Recent reading roundup

I'm currently immersed in one of this summer's Hot Books -- The Passage by Justin Cronin -- which I'm attempting to read with Salon's Reading Club (look for a future post contrasting that with the One Book One Twitter experience reading American Gods -- the short version is that I like the Salon experience better, at least so far). And there are a couple other titles I've read in the last month between everything else -- though now we've got the cable with the World Cup on and the Tour de France right around the corner so my reading rate could slow right down. (There are three copies of The Passage in the Monroe County Library system, by the way, with two requests pending so if you want this one you should get on the list.) But here's a report on a couple of recent reads before they get too far into the rearview mirror. My Name is Mary Sutter by Robin Oliviera -- historical fiction set during the Civil War about a midwife who longs to become a surgeon, with lots of family drama going on. For some reason, this one just didn't grab me though I did finish it. It struck me as one of those "look how much research I did into the time period" historical novels. That stuff needs to come through not quite so obviously. We do have it in the Monroe County Library collection, just not at the Key West Library. I'll give it 3 stars.

The Big Skinny by Carol Lay -- a graphic memoir (my favorite genre in the graphic format, I'm finding) about a woman's decision, at around the age of 50, to finally lose weight and keep it off. How does she do it? Why, she counts calories and exercises more! Amazing! The book has a great opening where Lay is at a party and some woman is marveling at her weight loss, asks her how she did it -- and is deeply unhappy with Lay's answer. People would prefer there were some magic bullet, of course, rather than the old "eat less and exercise more" answer. The rest of the book is both Lay's story of why she was chronically overweight and the strategies she uses to stay thin. I liked it a lot. Not in the Monroe County Public Library collection, unfortunately -- I got it through Interlibrary Loan (thanks, Palm Beach County!). 4 stars.

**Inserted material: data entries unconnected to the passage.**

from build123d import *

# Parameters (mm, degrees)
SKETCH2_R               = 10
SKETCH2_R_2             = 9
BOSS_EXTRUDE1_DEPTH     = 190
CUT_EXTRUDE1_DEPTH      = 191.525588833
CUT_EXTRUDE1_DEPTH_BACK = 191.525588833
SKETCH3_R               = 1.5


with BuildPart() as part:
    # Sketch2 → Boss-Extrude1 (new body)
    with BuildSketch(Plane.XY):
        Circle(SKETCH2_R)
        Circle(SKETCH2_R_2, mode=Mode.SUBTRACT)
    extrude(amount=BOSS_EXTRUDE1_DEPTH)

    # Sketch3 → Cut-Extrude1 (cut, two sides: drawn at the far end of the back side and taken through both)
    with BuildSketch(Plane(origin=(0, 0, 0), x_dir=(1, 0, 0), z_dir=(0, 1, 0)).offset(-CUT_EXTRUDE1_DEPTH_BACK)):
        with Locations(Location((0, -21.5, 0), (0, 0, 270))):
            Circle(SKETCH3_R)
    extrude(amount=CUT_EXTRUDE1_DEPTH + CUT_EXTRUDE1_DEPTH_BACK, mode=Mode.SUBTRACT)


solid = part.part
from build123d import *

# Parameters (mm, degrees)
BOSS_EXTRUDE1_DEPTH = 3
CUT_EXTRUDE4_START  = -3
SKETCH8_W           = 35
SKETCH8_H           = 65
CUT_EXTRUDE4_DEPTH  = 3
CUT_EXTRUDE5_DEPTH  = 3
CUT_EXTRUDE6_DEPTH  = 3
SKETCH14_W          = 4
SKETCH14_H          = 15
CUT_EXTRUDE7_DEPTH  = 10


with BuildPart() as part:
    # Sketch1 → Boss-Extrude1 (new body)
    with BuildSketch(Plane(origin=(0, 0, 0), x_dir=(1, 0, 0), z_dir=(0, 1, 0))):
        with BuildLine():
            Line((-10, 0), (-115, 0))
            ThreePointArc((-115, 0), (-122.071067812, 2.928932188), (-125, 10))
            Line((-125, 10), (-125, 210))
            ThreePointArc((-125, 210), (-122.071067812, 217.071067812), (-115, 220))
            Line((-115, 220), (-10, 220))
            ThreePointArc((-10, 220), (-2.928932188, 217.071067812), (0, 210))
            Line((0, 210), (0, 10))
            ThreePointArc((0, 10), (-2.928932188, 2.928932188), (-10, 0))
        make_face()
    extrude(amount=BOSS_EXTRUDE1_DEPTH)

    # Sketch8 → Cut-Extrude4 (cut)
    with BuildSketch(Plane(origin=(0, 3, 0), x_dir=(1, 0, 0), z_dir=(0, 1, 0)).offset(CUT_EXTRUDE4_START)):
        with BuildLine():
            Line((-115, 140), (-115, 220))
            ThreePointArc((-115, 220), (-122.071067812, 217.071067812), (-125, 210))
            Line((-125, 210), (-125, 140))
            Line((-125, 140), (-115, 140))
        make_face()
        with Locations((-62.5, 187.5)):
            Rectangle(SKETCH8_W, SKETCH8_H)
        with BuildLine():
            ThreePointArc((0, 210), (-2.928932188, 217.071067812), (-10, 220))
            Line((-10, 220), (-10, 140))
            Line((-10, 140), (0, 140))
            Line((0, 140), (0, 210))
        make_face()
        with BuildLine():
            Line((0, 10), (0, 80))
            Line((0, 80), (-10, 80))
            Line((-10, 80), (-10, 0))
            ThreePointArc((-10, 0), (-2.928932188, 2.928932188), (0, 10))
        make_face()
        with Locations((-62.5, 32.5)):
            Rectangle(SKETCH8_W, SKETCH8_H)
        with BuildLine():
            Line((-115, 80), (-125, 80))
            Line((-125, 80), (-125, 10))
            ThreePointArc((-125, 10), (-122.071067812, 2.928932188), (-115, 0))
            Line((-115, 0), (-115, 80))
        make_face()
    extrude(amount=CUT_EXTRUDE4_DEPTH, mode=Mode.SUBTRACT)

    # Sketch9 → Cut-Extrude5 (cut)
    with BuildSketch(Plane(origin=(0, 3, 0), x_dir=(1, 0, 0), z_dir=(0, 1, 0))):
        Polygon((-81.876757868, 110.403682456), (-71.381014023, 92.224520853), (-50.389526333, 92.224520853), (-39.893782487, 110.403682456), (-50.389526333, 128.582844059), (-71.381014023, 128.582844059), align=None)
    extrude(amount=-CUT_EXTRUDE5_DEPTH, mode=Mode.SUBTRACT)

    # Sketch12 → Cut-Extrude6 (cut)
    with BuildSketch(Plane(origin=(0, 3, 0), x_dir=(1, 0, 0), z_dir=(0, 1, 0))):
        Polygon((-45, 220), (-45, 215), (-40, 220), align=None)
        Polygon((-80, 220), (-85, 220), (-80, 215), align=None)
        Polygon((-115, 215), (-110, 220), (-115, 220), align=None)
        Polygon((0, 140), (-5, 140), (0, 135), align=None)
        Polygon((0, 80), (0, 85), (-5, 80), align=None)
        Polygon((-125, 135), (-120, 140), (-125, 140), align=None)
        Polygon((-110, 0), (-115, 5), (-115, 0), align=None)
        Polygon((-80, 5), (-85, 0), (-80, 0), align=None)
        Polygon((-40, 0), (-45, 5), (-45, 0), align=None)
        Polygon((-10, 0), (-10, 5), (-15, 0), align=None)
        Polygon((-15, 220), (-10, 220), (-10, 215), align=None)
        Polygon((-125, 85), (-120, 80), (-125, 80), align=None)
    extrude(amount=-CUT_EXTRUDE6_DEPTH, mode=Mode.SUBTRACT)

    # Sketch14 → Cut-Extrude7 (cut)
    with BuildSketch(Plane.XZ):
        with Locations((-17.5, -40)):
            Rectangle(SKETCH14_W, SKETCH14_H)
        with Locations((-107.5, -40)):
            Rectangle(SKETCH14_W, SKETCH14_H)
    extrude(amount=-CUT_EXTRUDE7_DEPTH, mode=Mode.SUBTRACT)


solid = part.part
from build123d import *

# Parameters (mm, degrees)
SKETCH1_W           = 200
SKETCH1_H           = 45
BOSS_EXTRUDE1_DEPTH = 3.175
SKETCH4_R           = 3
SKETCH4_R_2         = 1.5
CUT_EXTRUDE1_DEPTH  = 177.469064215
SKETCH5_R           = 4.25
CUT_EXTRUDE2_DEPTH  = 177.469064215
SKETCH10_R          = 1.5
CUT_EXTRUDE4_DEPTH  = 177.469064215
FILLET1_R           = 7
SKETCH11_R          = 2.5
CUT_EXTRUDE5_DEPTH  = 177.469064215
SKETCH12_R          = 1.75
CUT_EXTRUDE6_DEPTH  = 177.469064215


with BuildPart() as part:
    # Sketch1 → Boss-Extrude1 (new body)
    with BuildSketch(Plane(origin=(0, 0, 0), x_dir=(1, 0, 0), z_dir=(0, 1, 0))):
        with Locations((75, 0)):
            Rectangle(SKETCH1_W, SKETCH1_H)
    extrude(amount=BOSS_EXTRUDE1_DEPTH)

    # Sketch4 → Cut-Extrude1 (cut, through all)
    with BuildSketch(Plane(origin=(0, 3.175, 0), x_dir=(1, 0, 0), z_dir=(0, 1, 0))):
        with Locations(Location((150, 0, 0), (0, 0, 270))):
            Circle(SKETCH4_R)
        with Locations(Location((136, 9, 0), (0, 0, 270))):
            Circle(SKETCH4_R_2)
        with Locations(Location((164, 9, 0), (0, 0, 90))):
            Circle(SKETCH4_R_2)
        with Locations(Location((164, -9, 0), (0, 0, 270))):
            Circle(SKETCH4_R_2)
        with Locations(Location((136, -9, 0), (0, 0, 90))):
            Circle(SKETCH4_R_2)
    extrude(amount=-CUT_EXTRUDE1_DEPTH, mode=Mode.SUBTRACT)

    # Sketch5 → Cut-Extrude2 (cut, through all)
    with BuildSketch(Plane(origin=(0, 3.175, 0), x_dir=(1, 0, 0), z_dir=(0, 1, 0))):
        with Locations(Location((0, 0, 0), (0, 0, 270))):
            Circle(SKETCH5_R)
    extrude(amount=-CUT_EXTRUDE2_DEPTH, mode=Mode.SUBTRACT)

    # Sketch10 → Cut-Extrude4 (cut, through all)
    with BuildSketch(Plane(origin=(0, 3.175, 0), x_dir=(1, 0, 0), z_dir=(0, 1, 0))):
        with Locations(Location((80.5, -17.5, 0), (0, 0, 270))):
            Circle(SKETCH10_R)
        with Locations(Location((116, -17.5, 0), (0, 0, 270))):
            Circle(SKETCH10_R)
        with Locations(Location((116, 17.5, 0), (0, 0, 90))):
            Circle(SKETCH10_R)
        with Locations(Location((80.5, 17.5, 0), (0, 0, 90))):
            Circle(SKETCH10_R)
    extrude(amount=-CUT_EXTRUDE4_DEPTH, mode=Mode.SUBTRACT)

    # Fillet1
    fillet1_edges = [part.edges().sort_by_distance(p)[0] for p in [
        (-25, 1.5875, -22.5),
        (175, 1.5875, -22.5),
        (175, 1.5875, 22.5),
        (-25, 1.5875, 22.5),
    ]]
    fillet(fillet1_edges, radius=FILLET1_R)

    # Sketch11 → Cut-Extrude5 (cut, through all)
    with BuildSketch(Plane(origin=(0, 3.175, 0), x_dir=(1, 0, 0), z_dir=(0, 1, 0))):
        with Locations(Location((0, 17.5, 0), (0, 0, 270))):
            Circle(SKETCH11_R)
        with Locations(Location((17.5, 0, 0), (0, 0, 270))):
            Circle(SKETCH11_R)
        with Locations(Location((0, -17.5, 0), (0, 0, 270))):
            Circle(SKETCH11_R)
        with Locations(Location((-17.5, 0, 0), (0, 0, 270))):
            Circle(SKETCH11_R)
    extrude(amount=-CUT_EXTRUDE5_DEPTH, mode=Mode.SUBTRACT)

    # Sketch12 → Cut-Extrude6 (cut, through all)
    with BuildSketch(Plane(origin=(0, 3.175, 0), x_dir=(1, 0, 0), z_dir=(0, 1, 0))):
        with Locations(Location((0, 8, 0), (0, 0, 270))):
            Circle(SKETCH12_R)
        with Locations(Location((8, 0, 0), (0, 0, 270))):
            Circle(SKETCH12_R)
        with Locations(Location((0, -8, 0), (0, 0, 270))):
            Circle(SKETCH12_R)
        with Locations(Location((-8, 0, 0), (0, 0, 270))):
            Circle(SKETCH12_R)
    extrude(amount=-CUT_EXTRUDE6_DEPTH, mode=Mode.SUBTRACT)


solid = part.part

American Gods -- Neil Gaiman's novel about a war between the Old Gods (Norse, Egyptian, you name it) and the New Gods (technology, media, etc.) on American terrain was chosen for the inaugural One Book One Twitter read and I jumped on it for two reasons: I'd been meaning to read that book and I was feeling mildly guilty for being Twitterphobic. It was an interesting way to get to know Twitter and I'm glad I finally read some Gaiman. But it wasn't the best way to read a book, especially this book. I wound up finally jumping ahead of the two-to-three-chapters-a-week reading schedule and finishing it in one big rush. And I liked the novel a lot but I'd like to re-read it, not according to some Twitterific schedule. This one, by the way, is in the Key West Library collection. 4 stars.

Speaking of graphic memoirs, or memoirs in graphic novel format, or whatever the hell you want to call them, I'd been meaning to read Stitches by David Small since it came out -- it got fantastic reviews. And we even have it at the library. But I hadn't gotten around to it -- until I was looking at the program for the upcoming ALA conference and saw that Small will be appearing there, along with Time Traveler's Wife author Audrey Niffenegger (whom I had no idea was an artist, too). Anyway it was enough to send me over to our small-but-growing graphic novel collection to check it out on Saturday. I opened it after work and I think I finished it before the sun was down. It's great -- harrowing, for sure -- like all memoirs, in the graphic format unhappy childhoods make terrific narratives. And Small's art is great, too. My favorite in this level is still Alison Bechdel's Fun Home -- but this one is a close second. In fact, the only graphic memoir I think I didn't like was one where the "author" was not the artist. I'm not sure why -- it just didn't feel authentic in some way. But this one did. A great book. 4 1/2 stars.